1. Apr 18, 2006

mathboy20

Hi

I'm told that the the power series:

$$\sum_{n=0} ^ \infty (2n+1) z^n$$ has the radius of convergens

R = 1.

Proof:

Using the Definition of convergens for power series:

$$\frac{(2n+1)}{(2n+1)+1} = \frac{(2n+1)}{(2n+3)}$$

$$limit _{n \rightarrow \infty} \frac{(2n+1)}{(2n+3)} = 1$$

Therefore the radius of convergens is R = 1. Right ?

Second question: The Power series above suposedly diverges on every point on the circle of convergens. How do I show that?

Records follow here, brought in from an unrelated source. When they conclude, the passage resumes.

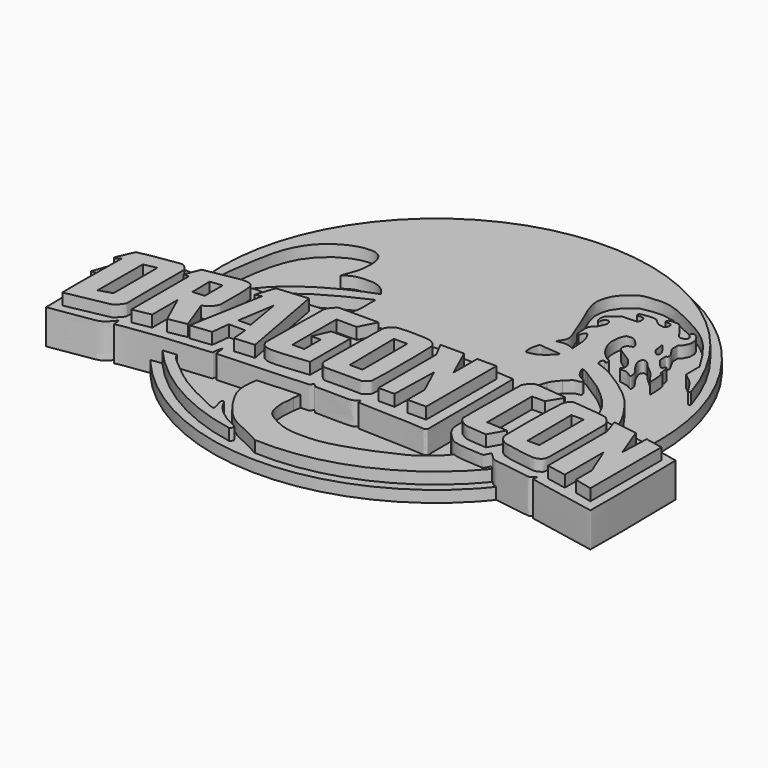
from build123d import *

# Parameters (mm, degrees)
F4_DEPTH = 6
F5_DEPTH = 9
F6_DEPTH = 12
F3_R     = 58.2680321176
F3_R_2   = 56.2680321176
F7_DEPTH = 3


with BuildPart() as f4:
    # F0 (on Top) → F4 (new body)
    with BuildSketch(Plane.XY):
        with BuildLine():
            ThreePointArc((50.2046270682, 32.5990865515), (-16.7313832275, 70.5566357957), (-58.0834932625, 5.662814714))
            add(Edge.make_bspline(
                [(-56.7946247756, 5.2932645194), (-56.9072491765, 5.3525443032), (-57.1453488244, 5.4763741354), (-57.5821193773, 5.672389242), (-57.9185015008, 5.6612390893), (-58.0834932625, 5.662814714)],
                knots=[0, 0, 0, 0, 0.3106893035, 0.6504797755, 1, 1, 1, 1], degree=3))
            add(Edge.make_bspline(
                [(-56.7946247756, 5.634940695), (-56.7946247756, 5.5210486365), (-56.7946247756, 5.407156578), (-56.7946247756, 5.2932645194)],
                knots=[0, 0, 0, 0, 0.3416761756, 0.3416761756, 0.3416761756, 0.3416761756], degree=3))
            add(Edge.make_bspline(
                [(-56.7946247756, 5.634940695), (-56.743940958, 7.2671798267), (-56.6456838315, 10.4314861922), (-56.7331520593, 14.5389266601), (-55.4633891473, 22.7353611724), (-54.1617687318, 29.6389256337), (-50.5897890483, 36.1168723343), (-44.7304711778, 39.9612863347), (-40.4860770295, 40.8741166974), (-37.6101297308, 40.5829749813), (-36.0593532544, 38.4827961794), (-35.7341565041, 35.7735493388), (-36.0278357089, 32.4009184257), (-36.969322235, 30.1083105362), (-37.420851473, 28.7852784917), (-37.6350395381, 28.1576830894)],
                knots=[0, 0, 0, 0, 0.0811415104, 0.1573032975, 0.2640365926, 0.3647803654, 0.4649779823, 0.5628837924, 0.6401346208, 0.7006202399, 0.7574588792, 0.8192083533, 0.8879467994, 0.946846281, 1, 1, 1, 1], degree=3))
            add(Edge.make_bspline(
                [(-37.6350395381, 28.1576830894), (-36.9020123713, 28.6742797134), (-35.3625484353, 29.7592079508), (-32.0226096017, 30.0311701045), (-28.9781587103, 29.8321241822), (-26.8192759482, 28.0309743743), (-26.3082476936, 27.1731155382), (-26.0944720358, 26.8142521381)],
                knots=[0, 0, 0, 0, 0.2057371384, 0.4320779901, 0.6506279419, 0.8538490957, 1, 1, 1, 1], degree=3))
            add(Edge.make_bspline(
                [(-50.9683191776, 7.4282060377), (-50.0897355561, 9.1461288779), (-48.1549941281, 12.9291910788), (-42.0082562909, 19.0156346462), (-32.7576914853, 24.3042127224), (-28.1550707663, 26.0380231586), (-26.0944720358, 26.8142521381)],
                knots=[0, 0, 0, 0, 0.2162082281, 0.4761151991, 0.7654561561, 1, 1, 1, 1], degree=3))
            add(Edge.make_bspline(
                [(-50.9683191776, 7.4282060377), (-50.5346785598, 7.504976032), (-49.5772579756, 7.674473929), (-48.2885622292, 7.7307833579), (-47.5835502148, 7.7615887858)],
                knots=[0, 0, 0, 0, 0.4529259397, 1, 1, 1, 1], degree=3))
            add(Edge.make_bspline(
                [(-25.3540985286, 24.1653900594), (-26.8552881088, 23.4932910546), (-30.1240573245, 22.0298273017), (-36.579939726, 18.4844991642), (-40.5144127202, 15.6900251466), (-44.4997206983, 12.1915121861), (-46.2658510708, 9.8325827108), (-47.1601372748, 8.4270560364), (-47.5835502148, 7.7615887858)],
                knots=[0, 0, 0, 0, 0.1794087162, 0.3906539828, 0.5668669146, 0.7447237719, 0.8791357199, 1, 1, 1, 1], degree=3))
            add(Edge.make_bspline(
                [(-27.7303513139, 12.6673979685), (-27.2486818484, 13.2179868784), (-26.3076778392, 14.2936339948), (-26.1352969689, 16.242044308), (-25.1319103155, 19.098439079), (-25.4017287693, 21.912956441), (-25.3693180923, 23.4456570399), (-25.3540985286, 24.1653900594)],
                knots=[0, 0, 0, 0, 0.186897327, 0.3651282604, 0.5890583856, 0.8070280333, 1, 1, 1, 1], degree=3))
            add(Edge.make_bspline(
                [(-27.7303513139, 12.6673979685), (-27.3267480987, 12.711642758), (-26.4365206138, 12.8092334765), (-24.8125175039, 11.887978411), (-23.3858019743, 10.910104507), (-22.5945804268, 10.3677995503)],
                knots=[0, 0, 0, 0, 0.2697704197, 0.5950325299, 1, 1, 1, 1], degree=3))
            add(Edge.make_bspline(
                [(-22.5945804268, 10.3677995503), (-22.4494425383, 10.1692900968), (-22.1047770931, 9.6978808054), (-20.541269939, 10.4450566992), (12.4683706928, 10.6003936274), (19.1899524017, 10.0772365955), (21.6048229486, 9.8892813548)],
                knots=[0, 0, 0, 0, 0.0748352198, 0.1777145488, 0.7045765412, 1, 1, 1, 1], degree=3))
            add(Edge.make_bspline(
                [(22.3375074565, 6.7731132731), (22.2050759519, 6.7121684444), (21.6804708525, 6.4707457707), (22.3820265231, 9.9005145642), (21.7795188996, 9.8918062997), (21.6048229486, 9.8892813548)],
                knots=[0, 0, 0, 0, 0.1934017225, 0.7661283481, 1, 1, 1, 1], degree=3))
            add(Edge.make_bspline(
                [(23.7141530961, 7.6335170306), (23.5129897112, 7.4387115421), (22.7964542586, 6.9261279039), (22.4677713883, 6.8165437695), (22.3375074565, 6.7731132731)],
                knots=[0.9396684612, 0.9396684612, 0.9396684612, 0.9396684612, 0.9760893428, 1, 1, 1, 1], degree=3))
            add(Edge.make_bspline(
                [(24.7681494802, 17.506653443), (24.5820762836, 17.0586454205), (24.2648384997, 16.2073215988), (24.1201965601, 15.3816965441), (23.6031723863, 14.5248965272), (23.0308114017, 14.1741195336), (23.3225715959, 13.8258667143), (23.6745692403, 13.8927180424), (24.073043796, 13.6874626518), (24.084510106, 13.1262821848), (23.9134607635, 12.3864586347), (23.2230506427, 12.1551260695), (23.0110411675, 11.3655136983), (23.9937166452, 11.3631300863), (24.1301903553, 9.8285262022), (24.1139508876, 8.5014299091), (23.9172018066, 7.9046271718), (23.8240178155, 7.7399094059), (23.7141530961, 7.6335170306)],
                knots=[0.4886615456, 0.4886615456, 0.4886615456, 0.4886615456, 0.5289439664, 0.5604071505, 0.5944543502, 0.6197125379, 0.6381612747, 0.6582483573, 0.6791704077, 0.7037719863, 0.7324620053, 0.760766481, 0.7860246628, 0.8136119764, 0.8536405418, 0.8942891369, 0.9197773168, 0.9396684612, 0.9396684612, 0.9396684612, 0.9396684612], degree=3))
            add(Edge.make_bspline(
                [(26.6395267099, 20.1954152435), (26.3304324892, 19.8599665702), (25.800711372, 19.1155739168), (25.2607428411, 18.6172505682), (24.9409139902, 17.9226181703), (24.7681494802, 17.506653443)],
                knots=[0.3822819269, 0.3822819269, 0.3822819269, 0.3822819269, 0.4220666272, 0.4512602819, 0.4886615456, 0.4886615456, 0.4886615456, 0.4886615456], degree=3))
            add(Edge.make_bspline(
                [(27.6289917529, 24.5619639754), (27.7723042031, 24.3496130639), (28.0047132596, 24.062317522), (28.8009821863, 23.4272012059), (29.636859997, 23.1896070116), (30.0117479679, 22.9145586663), (29.9724352086, 22.5030909475), (30.0837654817, 21.989256597), (29.0948646233, 21.9202442394), (28.3438289058, 21.8157880127), (27.506732088, 20.9669414955), (26.9301036432, 20.5107677809), (26.6395267099, 20.1954152435)],
                knots=[0.0901615916, 0.0901615916, 0.0901615916, 0.0901615916, 0.1174841509, 0.1513393374, 0.183460135, 0.2049406069, 0.2262289946, 0.2475173316, 0.2783858885, 0.308858332, 0.3448806575, 0.3822819269, 0.3822819269, 0.3822819269, 0.3822819269], degree=3))
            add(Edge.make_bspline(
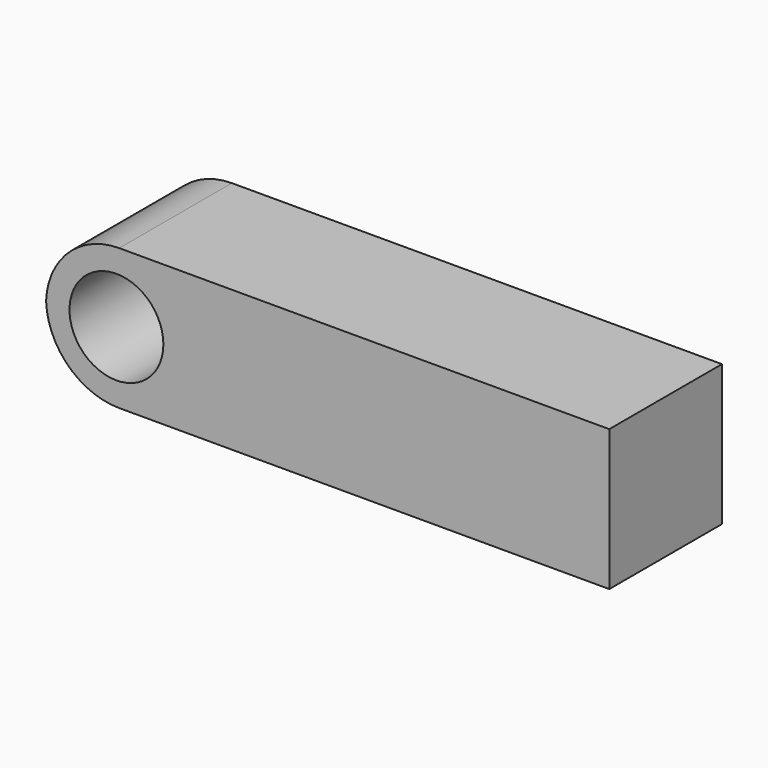
from build123d import *

# Parameters (mm, degrees)
F0_W        = 76.2
F0_H        = 19.05
F1_DEPTH    = 19.05
F3_D        = 12.7
F4_T1_DEPTH = 68.58


# Not quite as in the source:
# - a fillet or chamfer that OpenCascade refuses, or shapes differently, is made with other operations: its cross-section is extruded or revolved along the edge and cut away or added


with BuildPart() as f1:
    # F0 (on Top) → F1 (new body)
    with BuildSketch(Plane.XY):
        with Locations((9.6218887268, -4.4917178258)):
            Rectangle(F0_W, F0_H)
    extrude(amount=F1_DEPTH)

    # F3 (through all)
    with Locations(Plane(origin=(0, 5.0332821742, 0), x_dir=(-1, 0, 0), z_dir=(0, 1, 0))):
        with Locations((18.9531112732, 9.525)):
            Hole(F3_D / 2)

    # F4: fillet of radius 9.906 on 2 edges, made by hand

    # F4_s2 → F4_t1 (cut)
    with BuildSketch(Plane.XZ.offset(-29.7982821742)):
        with BuildLine():
            ThreePointArc((-18.5721112732, 19.05), (-25.5767110476, 16.1485997744), (-28.4781112732, 9.144))
            Line((-28.4781112732, 9.144), (-28.4781112732, 19.05))
            Line((-28.4781112732, 19.05), (-18.5721112732, 19.05))
        make_face()
        with BuildLine():
            ThreePointArc((-18.5721112732, 0), (-25.5767110476, 2.9014002256), (-28.4781112732, 9.906))
            Line((-28.4781112732, 9.906), (-28.4781112732, 0))
            Line((-28.4781112732, 0), (-18.5721112732, 0))
        make_face()
    extrude(amount=F4_T1_DEPTH, mode=Mode.SUBTRACT)


solid = f1.part

I know that according to the definition of divergens of the power series:

$$\sum_{n = 0} ^{\infty} a_n z^n$$

that $$a_n \rightarrow \infty$$ for $$n \rightarrow \infty$$

Do I the use this fact here to show that a_n diverges ??

Best Regards
Mathboy20

Last edited: Apr 18, 2006
2. Apr 18, 2006

Jameson

I'm not following this step. I would use the ratio test for finding the radius of convergence.

3. Apr 20, 2006

kam.epi

I think this would be the proper way to evaluate the series:

$$\sum_{n=0} ^ \infty (2n+1) z^n$$

so using the ratio test,

$$limit _{n \rightarrow \infty} \frac{(2(n+1)+1) z^(n+1)}{(2n+1) z^n}$$

$$limit _{n \rightarrow \infty} \frac{(2n+3)}{(2n+1)}|z|$$

Therefore, $$|z|<1$$

implies that the interval of convergence is $$-1<z<1$$

Therefore, the radius of convergence must be 1.

4. Apr 23, 2006

mathboy20

Anyway if I then have show that the series diverges for all point on the circle of convergens.

Doesn't that mean that

$$\frac{2n+3}{2n+1}|z| \geq 1$$, where $$n \neq 0$$

if n = 1

then $$|z| \geq \frac{3}{5}$$

Am I on the right track here?

Best Regards
Mathboy20

Last edited: Apr 23, 2006
5. Apr 23, 2006

HallsofIvy

Staff Emeritus
n= 1 is not relevant. What is
$$lim_{n\rightarrow \infty}\frac{2n+3}{2n+1}$$?